Another advantage of FMA over BUA is energy efficiency. The broadband ultrasound pulse in BUA measurement has a wide frequency range only limited by the frequency response of the transducer. However, if the interested band was narrower than its frequency response, it is surely not energy efficient because some of the energy outside the interested frequency band is wasted. In addition, the excitation voltage to the transducer has to be very high, usually hundreds of volts, in order to deliver enough energy to penetrate bone samples in a very short period of the pulse. Further, the maximum ultrasound energy allowed for clinic diagnosis is low and it is important to focus the limited energy within the targeted frequency band. The frequency modulated ultrasound has a unique property that its energy is always contained within the predetermined frequency band. Its longer duration $\left(10\mu \mathrm{s}\right)$ than the broadband pulse $(<1\mu \mathrm{s})$ allows the same amount of ultrasound energy to be delivered at low power and reduces the driving voltage to the transducer. It was showed that $10\mathrm{V}$ peak was sufficient in this study for bone measurement. FMA uses the energy efficient frequency modulated ultrasound for the bone property measurement.

The poor correlation of FMA and BUA in the ML orientation to the trabecular bone properties was contradictory to the findings in two other orientations. Ultrasound attenuation in this orientation was also linearly dependent on frequency. This confirmed that the BUA values were valid.
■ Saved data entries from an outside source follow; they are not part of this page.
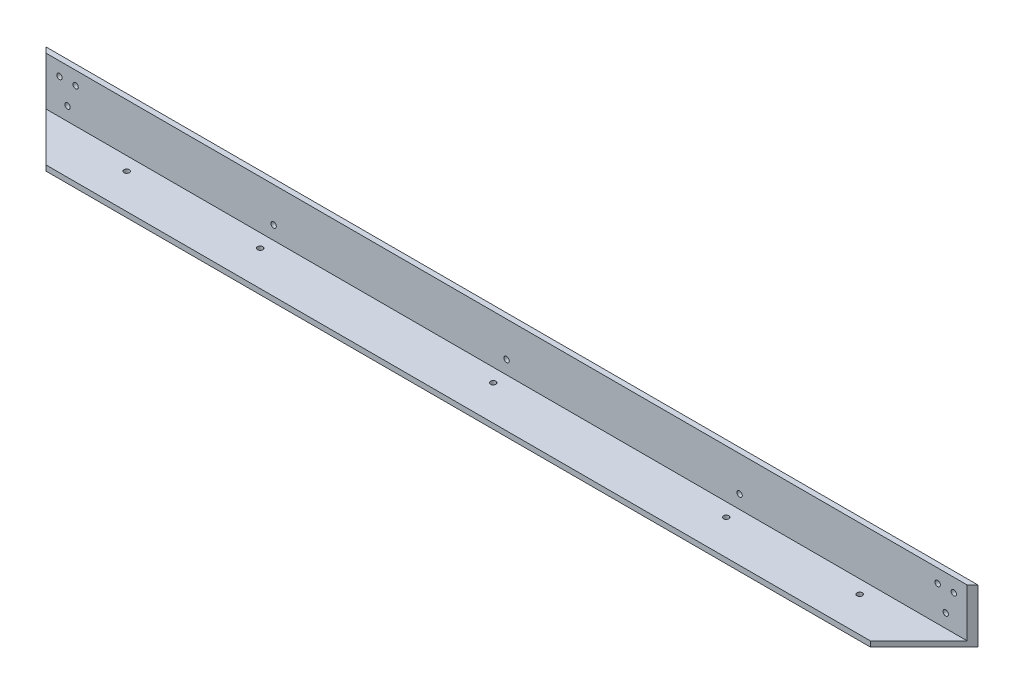
SolidWorks part; units mm, degrees
ref_plane "Front Plane" through (0, 0, 0) normal (0, 0, 1) x (1, 0, 0)
ref_plane "Top Plane" through (0, 0, 0) normal (0, 1, 0) x (1, 0, 0)
ref_plane "Right Plane" through (0, 0, 0) normal (1, 0, 0) x (0, 0, -1)
sketch "Sketch1" plane through (0, 0, 0) normal (1, 0, 0) x (0, 0, -1)
  line L0 (0, 0) -> (-31.75, 0)
  line L1 (-31.75, 0) -> (-31.75, 3.175)
  line L2 (-31.75, 3.175) -> (-3.175, 3.175)
  line L3 (-3.175, 3.175) -> (-3.175, 31.75)
  line L4 (-3.175, 31.75) -> (0, 31.75)
  line L5 (0, 31.75) -> (0, 0)
  dimension "LHeight" = 31.75
  dimension "LWidth" = 31.75
  dimension "LMaterialThickness" = 3.175
  dimension "D1" = 28.575
  dimension "D2" = 28.575
  dimension "D3" = 3.175
extrude "Boss-Extrude1" add sketch "Sketch1" along normal blind 550
chamfer "Chamfer6" distance 31.75 angle 45 1 edges at (550, 1.5875, 31.75)
chamfer "Chamfer7" distance 31.75 angle 45 1 edges at (0, 1.5875, 31.75)
sketch "TopHoles-Sketch3" plane through (0, 3.175, 0) normal (0, 1, 0) x (1, 0, 0)
  line L3 (550, 0) -> (0, 0) construction
  circle A9 centre (491.2625, -11.1125) radius 1.5875
  circle A10 centre (58.7375, -11.1125) radius 1.5875
  circle A13 centre (275, -11.1125) radius 1.5875
  circle A14 centre (137.5, -11.1125) radius 1.5875
  circle A15 centre (412.5, -11.1125) radius 1.5875
  dimension "D8" = 137.5
  dimension "D10" = 137.5
  dimension "D5" = 3.175
  dimension "D11" = 137.5
  dimension "D2" = 11.1125
  dimension "D3" = 58.7375
  dimension "D4" = 58.7375
extrude "TopHoles-Cut-Extrude2" cut sketch "TopHoles-Sketch3" against normal through all
sketch "LeftHoles-Sketch4" plane through (0, 0, 3.175) normal (0, 0, 1) x (1, 0, 0)
  line L1 (550, 0) -> (0, 0) construction
  line L3 (550, 31.75) -> (0, 31.75) construction
  line L4 (0, 0) -> (0, 31.75) construction
  line L5 (550, 0) -> (550, 31.75) construction
  circle A1 centre (11.1125, 23.8125) radius 1.5875
  circle A3 centre (529.3625, 23.8125) radius 1.5875
  circle A4 centre (20.6375, 23.8125) radius 1.5875
  circle A5 centre (538.8875, 23.8125) radius 1.5875
  circle A7 centre (15.875, 11.1125) radius 1.5875
  circle A8 centre (534.125, 11.1125) radius 1.5875
  circle A10 centre (137.5, 11.1125) radius 1.5875
  circle A11 centre (275, 11.1125) radius 1.5875
  circle A12 centre (412.5, 11.1125) radius 1.5875
  dimension "D2" = 3.175
  dimension "D4" = 7.9375
  dimension "D1" = 11.1125
  dimension "D6" = 20.6375
  dimension "D3" = 11.1125
  dimension "D5" = 20.6375
  dimension "D8" = 137.5
  dimension "D9" = 137.5
  dimension "D10" = 137.5
  dimension "D7" = 11.1125
  dimension "D11" = 15.875
  dimension "D12" = 15.875
extrude "LeftHoles-Cut-Extrude3" cut sketch "LeftHoles-Sketch4" against normal through all
equation "\"TopRailWidth\"= 1.25in"
equation "\"TopRailHeight\"= 1.25in"
equation "\"RailThickness\"= .125in'Spec"
equation "\"SideRailHoleY1FromEdge\"= \"HoleOffsetFromEdge\""
equation "\"SideRailHoleX1FromSide\"= \"HoleOffsetFromSide\""
equation "\"SideRailLength\"= 550mm"
equation "\"VSWidth\"= 1.25in'Spec"
equation "\"HoleOffsetFromEdge\"= \"RailThickness\" * 2.5"
equation "\"HoleOffsetFromSide\"= \"RailThickness\" * 3.5"
equation "\"SideRailHoleX2FromSide\"= \"VSWidth\" - \"HoleOffsetFromEdge\" - \"RailThickness\"'Equals 20.6375"
equation "\"FasteningHoleDiameter\"= .125in"
equation "\"SideRailHoleY2FromSide\"= \"HoleOffsetFromSide\""
equation "\"D2@LeftHoles-Sketch4\"=\"FasteningHoleDiameter\""
equation "\"LWidth@Sketch1\"=\"TopRailWidth\""
equation "\"LHeight@Sketch1\"=\"TopRailHeight\""
equation "\"LMaterialThickness@Sketch1\"=\"RailThickness\""
equation "\"D1@Boss-Extrude1\"=\"SideRailLength\""
equation "\"D4@LeftHoles-Sketch4\"=\"SideRailHoleY1FromEdge\""
equation "\"D1@Chamfer6\"=\"TopRailWidth\""
equation "\"D1@Chamfer7\"=\"TopRailWidth\""
equation "\"D1@LeftHoles-Sketch4\"=\"SideRailHoleX1FromSide\""
equation "\"D6@LeftHoles-Sketch4\"=\"SideRailHoleX2FromSide\""
equation "\"D5@LeftHoles-Sketch4\"=\"SideRailHoleX2FromSide\""
equation "\"TopHoleY1FromSide\"= \"HoleOffsetFromSide\""
equation "\"TopCBLength\"= \"TopRailWidth\" * 2'Equals 63.5"
equation "\"LeftOrRightEnclosureHoleOffsets\"= \"SideRailLength\" / 4"
equation "\"D8@TopHoles-Sketch3\"=\"LeftOrRightEnclosureHoleOffsets\""
equation "\"D10@TopHoles-Sketch3\"=\"LeftOrRightEnclosureHoleOffsets\""
equation "\"D11@TopHoles-Sketch3\"=\"LeftOrRightEnclosureHoleOffsets\""
equation "\"D8@LeftHoles-Sketch4\"=\"LeftOrRightEnclosureHoleOffsets\""
equation "\"D9@LeftHoles-Sketch4\"=\"LeftOrRightEnclosureHoleOffsets\""
equation "\"D10@LeftHoles-Sketch4\"=\"LeftOrRightEnclosureHoleOffsets\""
equation "\"D7@LeftHoles-Sketch4\"=\"SideRailHoleY2FromSide\""
equation "\"LeftOrRightCornerEnclosureOffset\"= \"RailThickness\" + \"TopCBLength\" - \"HoleOffsetFromEdge\"'Equals 58.7375"
equation "\"D2@TopHoles-Sketch3\"=\"TopHoleY1FromSide\""
equation "\"D3@TopHoles-Sketch3\"=\"LeftOrRightCornerEnclosureOffset\""
equation "\"D4@TopHoles-Sketch3\"=\"LeftOrRightCornerEnclosureOffset\""
equation "\"D5@TopHoles-Sketch3\"=\"FasteningHoleDiameter\""
equation "\"VSMidSideRailHoleXFromSideToCenter\"= \"RailThickness\" * 6"
equation "\"D11@LeftHoles-Sketch4\"=\"VSMidSideRailHoleXFromSideToCenter\" - \"RailThickness\""
equation "\"D12@LeftHoles-Sketch4\"=\"VSMidSideRailHoleXFromSideToCenter\" - \"RailThickness\""

Since both FMA and BUA measurements had the same conclusion, it was unlikely that this phenomenon was due to the experimental error. Current data did not support the assumption that the lack of correlation was solely due to the anisotropic structure of the samples. Although the real mechanism of this phenomenon is not known, it can be suggested that the trabecular architecture of the tested samples viewed from the ML orientation interacted with the incoming ultrasound wave in a complete different way that invalidated the assumption of linear correlation of ultrasound attenuation to bone structural properties.

Future work is required to improve the performance of the FMA. First, it is crucial to identify the optimal frequency bands that are most sensitive to the bone properties of interest. Narrow frequency bands will be more efficient because it can minimize the average effect of FMA over the frequency band. This requires a screening of a series of narrow frequency bands that cover a broader frequency spectrum. It is expected that those optimal frequency bands are specific to the anatomic locations of the bone. Second, the adjustment of the ultrasound signal is preferred before driving the transducer to compensate the frequency response of the transducer for the best performance of the FMA. In this study, the electric signal that drove the transducer had uniform amplitude. However, the amplitude of the generated ultrasound also had an amplitude modulation due to the frequency response of the transducer. This effect was minimized by the normalization of the energy of reference signal to bone signal because both signals included the same frequency response of the transducers. However, it is optimal to generate frequency sweep ultrasound signal with uniform amplitude. This requires the addition of amplitude modulation prior to driving the transducer to compensate its frequency response. Lastly, FMA is one of many parameters that can be derived from the new signal modality. Other parameters such as the frequency at the peak of the waveform envelope are also potential candidates for bone property measurements. The frequency modulated signal can also be modified for the measurement of ultrasound backscatters from bone to improve its performance.